По лесной тропинке мы часто ходили вместе купаться версты за две, в их купальню, в небольшой речке с очень холодной водой.
Лев Николаевич, выйдя из усадьбы, сейчас же снимал старые, своей работы, туфли, засовывал их за ременный пояс и шел босиком. Шел он уверенным, быстрым, привычным шагом, не обращая ни малейшего внимания на то, что тропа была засорена и сучками и камешками. Я едва поспевал за ним и за эту быструю двухверстную ходьбу так разогревался, что считал необходимым посидеть четверть часа, чтобы остыть, – простудиться можно сразу в такой холодной воде.
– Все это предрассудки, – говорил Лев Николаевич, быстро снимая с себя свое несложное одеяние, и, несмотря на обильные струи пота по спине, одним прыжком бросался в холодную воду. – Ничего от этого не бывает, – говорил он уже в воде.
Я еще не успевал остыть, а он, выкупавшись, уже быстро одевался, брал свою корзиночку и шел собирать грибы один.
Да, внушительная, необыкновенная фигура: босяк с корзинкой в лесу, а осанка военного – в скорой походке и особенно в манере носить этот белый картузик с козырьком, немножко набекрень.
Грозные нависшие брови, пронзительные глаза – это несомненный властелин.

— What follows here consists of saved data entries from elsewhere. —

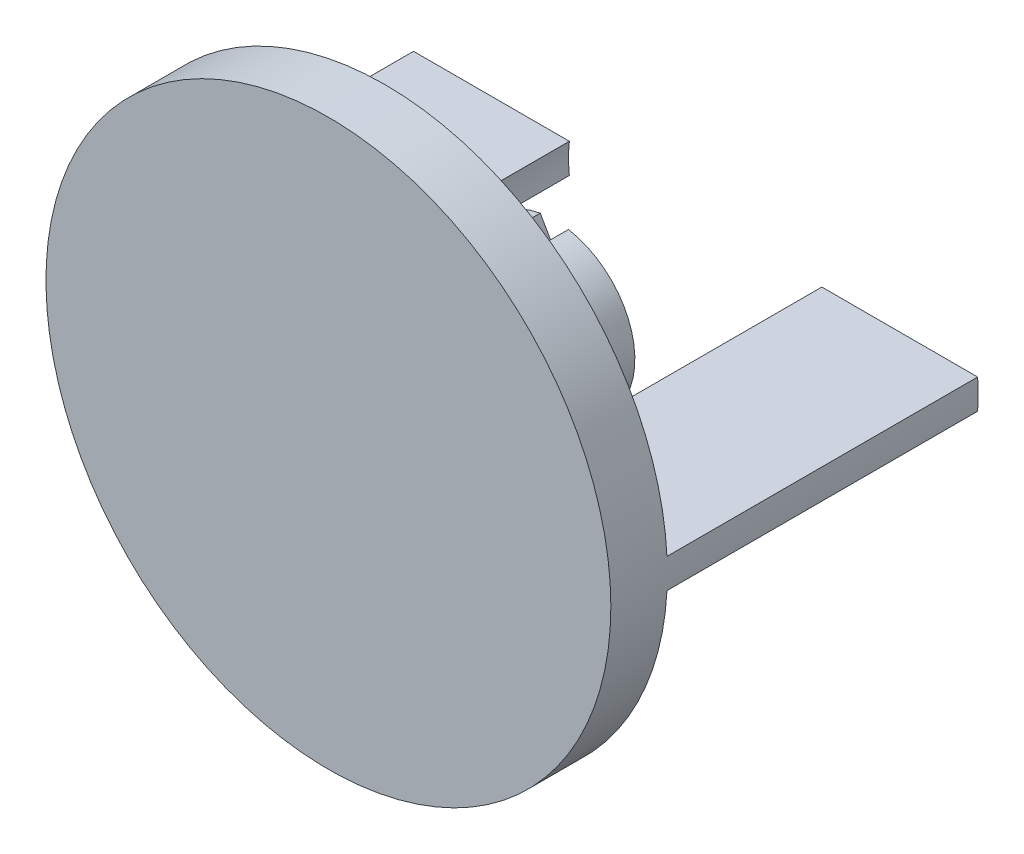
ISO-10303-21;
HEADER;
FILE_DESCRIPTION(('STEP AP214'),'2;1');
FILE_NAME('part.step','',(''),(''),'','','');
FILE_SCHEMA(('AUTOMOTIVE_DESIGN { 1 0 10303 214 1 1 1 1 }'));
ENDSEC;
DATA;
#1=APPLICATION_CONTEXT('core data for automotive mechanical design processes');
#2=APPLICATION_PROTOCOL_DEFINITION('international standard','automotive_design',2000,#1);
#3=PRODUCT_CONTEXT('',#1,'mechanical');
#4=PRODUCT('Part','Part','',(#3));
#5=PRODUCT_RELATED_PRODUCT_CATEGORY('part','',(#4));
#6=PRODUCT_DEFINITION_FORMATION('','',#4);
#7=PRODUCT_DEFINITION_CONTEXT('part definition',#1,'design');
#8=PRODUCT_DEFINITION('design','',#6,#7);
#9=PRODUCT_DEFINITION_SHAPE('','',#8);
#10=(LENGTH_UNIT() NAMED_UNIT(*) SI_UNIT(.MILLI.,.METRE.));
#11=(NAMED_UNIT(*) PLANE_ANGLE_UNIT() SI_UNIT($,.RADIAN.));
#12=(NAMED_UNIT(*) SI_UNIT($,.STERADIAN.) SOLID_ANGLE_UNIT());
#13=UNCERTAINTY_MEASURE_WITH_UNIT(LENGTH_MEASURE(1.E-05),#10,'distance_accuracy_value','');
#14=(GEOMETRIC_REPRESENTATION_CONTEXT(3) GLOBAL_UNCERTAINTY_ASSIGNED_CONTEXT((#13)) GLOBAL_UNIT_ASSIGNED_CONTEXT((#10,
#11,#12)) REPRESENTATION_CONTEXT('',''));
#15=CARTESIAN_POINT('',(0.,0.,0.));
#16=DIRECTION('',(0.,0.,1.));
#17=DIRECTION('',(1.,0.,0.));
#18=AXIS2_PLACEMENT_3D('',#15,#16,#17);
#19=CARTESIAN_POINT('',(0.,0.,0.));
#20=DIRECTION('',(0.,0.,1.));
#21=DIRECTION('',(1.,0.,0.));
#22=AXIS2_PLACEMENT_3D('',#19,#20,#21);
#23=PLANE('',#22);
#24=DIRECTION('',(1.,0.,0.));
#25=VECTOR('',#24,1.);
#26=CARTESIAN_POINT('',(9.98620924074796,0.525,0.));
#27=LINE('',#26,#25);
#28=CARTESIAN_POINT('',(2.80122740954746,0.525,0.));
#29=VERTEX_POINT('',#28);
#30=CARTESIAN_POINT('',(4.46927007463187,0.525,0.));
#31=VERTEX_POINT('',#30);
#32=EDGE_CURVE('E66',#29,#31,#27,.T.);
#33=ORIENTED_EDGE('',*,*,#32,.T.);
#34=CARTESIAN_POINT('',(0.,0.,0.));
#35=DIRECTION('',(0.,0.,-1.));
#36=DIRECTION('',(-1.,0.,0.));
#37=AXIS2_PLACEMENT_3D('',#34,#35,#36);
#38=CIRCLE('',#37,4.5);
#39=CARTESIAN_POINT('',(4.46927007463187,-0.525,0.));
#40=VERTEX_POINT('',#39);
#41=EDGE_CURVE('E160',#31,#40,#38,.T.);
#42=ORIENTED_EDGE('',*,*,#41,.T.);
#43=DIRECTION('',(-1.,0.,0.));
#44=VECTOR('',#43,1.);
#45=CARTESIAN_POINT('',(9.98620924074796,-0.525,0.));
#46=LINE('',#45,#44);
#47=CARTESIAN_POINT('',(2.80122740954746,-0.525,0.));
#48=VERTEX_POINT('',#47);
#49=EDGE_CURVE('E223',#40,#48,#46,.T.);
#50=ORIENTED_EDGE('',*,*,#49,.T.);
#51=CARTESIAN_POINT('',(0.,0.,0.));
#52=DIRECTION('',(0.,0.,-1.));
#53=DIRECTION('',(-1.,0.,0.));
#54=AXIS2_PLACEMENT_3D('',#51,#52,#53);
#55=CIRCLE('',#54,2.85);
#56=EDGE_CURVE('E11',#29,#48,#55,.T.);
#57=ORIENTED_EDGE('',*,*,#56,.F.);
#58=EDGE_LOOP('',(#33,#42,#50,#57));
#59=FACE_BOUND('',#58,.T.);
#60=ADVANCED_FACE('F41',(#59),#23,.F.);
#61=CARTESIAN_POINT('',(-2.80122740954746,-0.525,0.));
#62=VERTEX_POINT('',#61);
#63=CARTESIAN_POINT('',(-4.46927007463187,-0.525,0.));
#64=VERTEX_POINT('',#63);
#65=EDGE_CURVE('E58',#62,#64,#46,.T.);
#66=ORIENTED_EDGE('',*,*,#65,.T.);
#67=CARTESIAN_POINT('',(0.,0.,0.));
#68=DIRECTION('',(0.,0.,-1.));
#69=DIRECTION('',(-1.,0.,0.));
#70=AXIS2_PLACEMENT_3D('',#67,#68,#69);
#71=CIRCLE('',#70,4.5);
#72=CARTESIAN_POINT('',(-4.46927007463187,0.525000000000001,0.));
#73=VERTEX_POINT('',#72);
#74=EDGE_CURVE('E158',#64,#73,#71,.T.);
#75=ORIENTED_EDGE('',*,*,#74,.T.);
#76=CARTESIAN_POINT('',(-2.80122740954746,0.525,0.));
#77=VERTEX_POINT('',#76);
#78=EDGE_CURVE('E225',#73,#77,#27,.T.);
#79=ORIENTED_EDGE('',*,*,#78,.T.);
#80=EDGE_CURVE('E50',#62,#77,#55,.T.);
#81=ORIENTED_EDGE('',*,*,#80,.F.);
#82=EDGE_LOOP('',(#66,#75,#79,#81));
#83=FACE_BOUND('',#82,.T.);
#84=ADVANCED_FACE('F311',(#83),#23,.F.);
#85=CARTESIAN_POINT('',(0.,0.,1.));
#86=DIRECTION('',(0.,0.,-1.));
#87=DIRECTION('',(-1.,0.,0.));
#88=AXIS2_PLACEMENT_3D('',#85,#86,#87);
#89=CYLINDRICAL_SURFACE('',#88,2.85);
#90=DIRECTION('',(0.,0.,-1.));
#91=VECTOR('',#90,1.);
#92=CARTESIAN_POINT('',(2.80122740954746,0.525,1.));
#93=LINE('',#92,#91);
#94=CARTESIAN_POINT('',(2.80122740954746,0.525,1.));
#95=VERTEX_POINT('',#94);
#96=EDGE_CURVE('E242',#29,#95,#93,.F.);
#97=ORIENTED_EDGE('',*,*,#96,.F.);
#98=ORIENTED_EDGE('',*,*,#56,.T.);
#99=DIRECTION('',(0.,0.,-1.));
#100=VECTOR('',#99,1.);
#101=CARTESIAN_POINT('',(2.80122740954746,-0.525,1.));
#102=LINE('',#101,#100);
#103=CARTESIAN_POINT('',(2.80122740954746,-0.525,1.));
#104=VERTEX_POINT('',#103);
#105=EDGE_CURVE('E251',#104,#48,#102,.T.);
#106=ORIENTED_EDGE('',*,*,#105,.F.);
#107=CARTESIAN_POINT('',(0.,0.,1.));
#108=DIRECTION('',(0.,0.,1.));
#109=DIRECTION('',(1.,0.,0.));
#110=AXIS2_PLACEMENT_3D('',#107,#108,#109);
#111=CIRCLE('',#110,2.85);
#112=CARTESIAN_POINT('',(-2.80122740954746,-0.525,1.));
#113=VERTEX_POINT('',#112);
#114=EDGE_CURVE('E258',#113,#104,#111,.T.);
#115=ORIENTED_EDGE('',*,*,#114,.F.);
#116=DIRECTION('',(0.,0.,-1.));
#117=VECTOR('',#116,1.);
#118=CARTESIAN_POINT('',(-2.80122740954746,-0.525,1.));
#119=LINE('',#118,#117);
#120=EDGE_CURVE('E248',#62,#113,#119,.F.);
#121=ORIENTED_EDGE('',*,*,#120,.F.);
#122=ORIENTED_EDGE('',*,*,#80,.T.);
#123=DIRECTION('',(0.,0.,-1.));
#124=VECTOR('',#123,1.);
#125=CARTESIAN_POINT('',(-2.80122740954746,0.525,1.));
#126=LINE('',#125,#124);
#127=CARTESIAN_POINT('',(-2.80122740954747,0.525,1.));
#128=VERTEX_POINT('',#127);
#129=EDGE_CURVE('E245',#128,#77,#126,.T.);
#130=ORIENTED_EDGE('',*,*,#129,.F.);
#131=CARTESIAN_POINT('',(-0.499999999999997,2.80579756931964,1.));
#132=VERTEX_POINT('',#131);
#133=EDGE_CURVE('E265',#132,#128,#111,.T.);
#134=ORIENTED_EDGE('',*,*,#133,.F.);
#135=DIRECTION('',(0.,0.,-1.));
#136=VECTOR('',#135,1.);
#137=CARTESIAN_POINT('',(-0.499999999999997,2.80579756931964,2.35222583566299));
#138=LINE('',#137,#136);
#139=CARTESIAN_POINT('',(-0.499999999999997,2.80579756931964,-5.));
#140=VERTEX_POINT('',#139);
#141=EDGE_CURVE('E213',#132,#140,#138,.T.);
#142=ORIENTED_EDGE('',*,*,#141,.T.);
#143=CARTESIAN_POINT('',(0.,0.,-5.));
#144=DIRECTION('',(0.,0.,-1.));
#145=DIRECTION('',(-1.,0.,0.));
#146=AXIS2_PLACEMENT_3D('',#143,#144,#145);
#147=CIRCLE('',#146,2.85);
#148=CARTESIAN_POINT('',(0.499999999999998,2.80579756931964,-5.));
#149=VERTEX_POINT('',#148);
#150=EDGE_CURVE('E201',#149,#140,#147,.T.);
#151=ORIENTED_EDGE('',*,*,#150,.F.);
#152=DIRECTION('',(0.,0.,-1.));
#153=VECTOR('',#152,1.);
#154=CARTESIAN_POINT('',(0.499999999999998,2.80579756931964,2.35222583566299));
#155=LINE('',#154,#153);
#156=CARTESIAN_POINT('',(0.499999999999998,2.80579756931964,1.));
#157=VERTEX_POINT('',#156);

Ни у кого не хватит духу подойти к нему спроста, отнестись с насмешкой. Но это добрейшая душа, деликатнейший из людей и истинный аристократ по манерам и особому изяществу речи. Как свободно и утонченно говорит он на иностранных языках! Как предупредителен, великодушен и прост в обхождении со всеми! А сколько жизни, сколько страсти в этом отшельнике! Еще никогда в жизни не встречал я более заразительно смеющегося человека. Когда скульптор Гинцбург на террасе у них, в Ясной Поляне, после обеда представлял перед всею семьею и гостями свои мимические типы, – конечно, смеялись все. Но Гинцбург говорил потом, что даже он боялся с эстрады взглянуть на Льва Николаевича. Невозможно было удержаться, чтобы не расхохотаться, глядя на него. А я, признаюсь, забываясь, смотрел уже только на Льва Николаевича, оторваться не мог от этой экспрессии.
Чувства жизни и страстей льются через край в этой богато одаренной натуре художника.
Только мудрецы всех времен и народов, возлюбившие бога, составляют его желанное общество, только с ними он чувствует свое блаженство, только с ними он в своем кругу. Разумеется, его религиозность несоизмерима ни с каким определенным формальным культом религий, она у него обобщается в одном понятии: бог один для всех.
В одном впечатлительном месте, в молодом лесу, над большим спуском вниз, Лев Николаевич рассказал, как в детстве они играли здесь с другими детьми, и их играми заправлял всегда, старший его брат Николай. Конец целой серии игр, с одной заветной палочкой, эаключался тайными похоронами этой магической палочки. Было сказано, что когда найдется эта палочка, тогда на земле наступит райская жизнь.
– Мы все с детьми обожали брата Николая и часто и подолгу искали заветную палочку, – вспоминал Лев Николаевич.
– Теперь я пойду один, – вдруг сказал Лев Николаевич на прогулке.
Видя, что я удивлен, он добавил:
– Иногда я ведь люблю постоять и помолиться где-нибудь в глуши леса.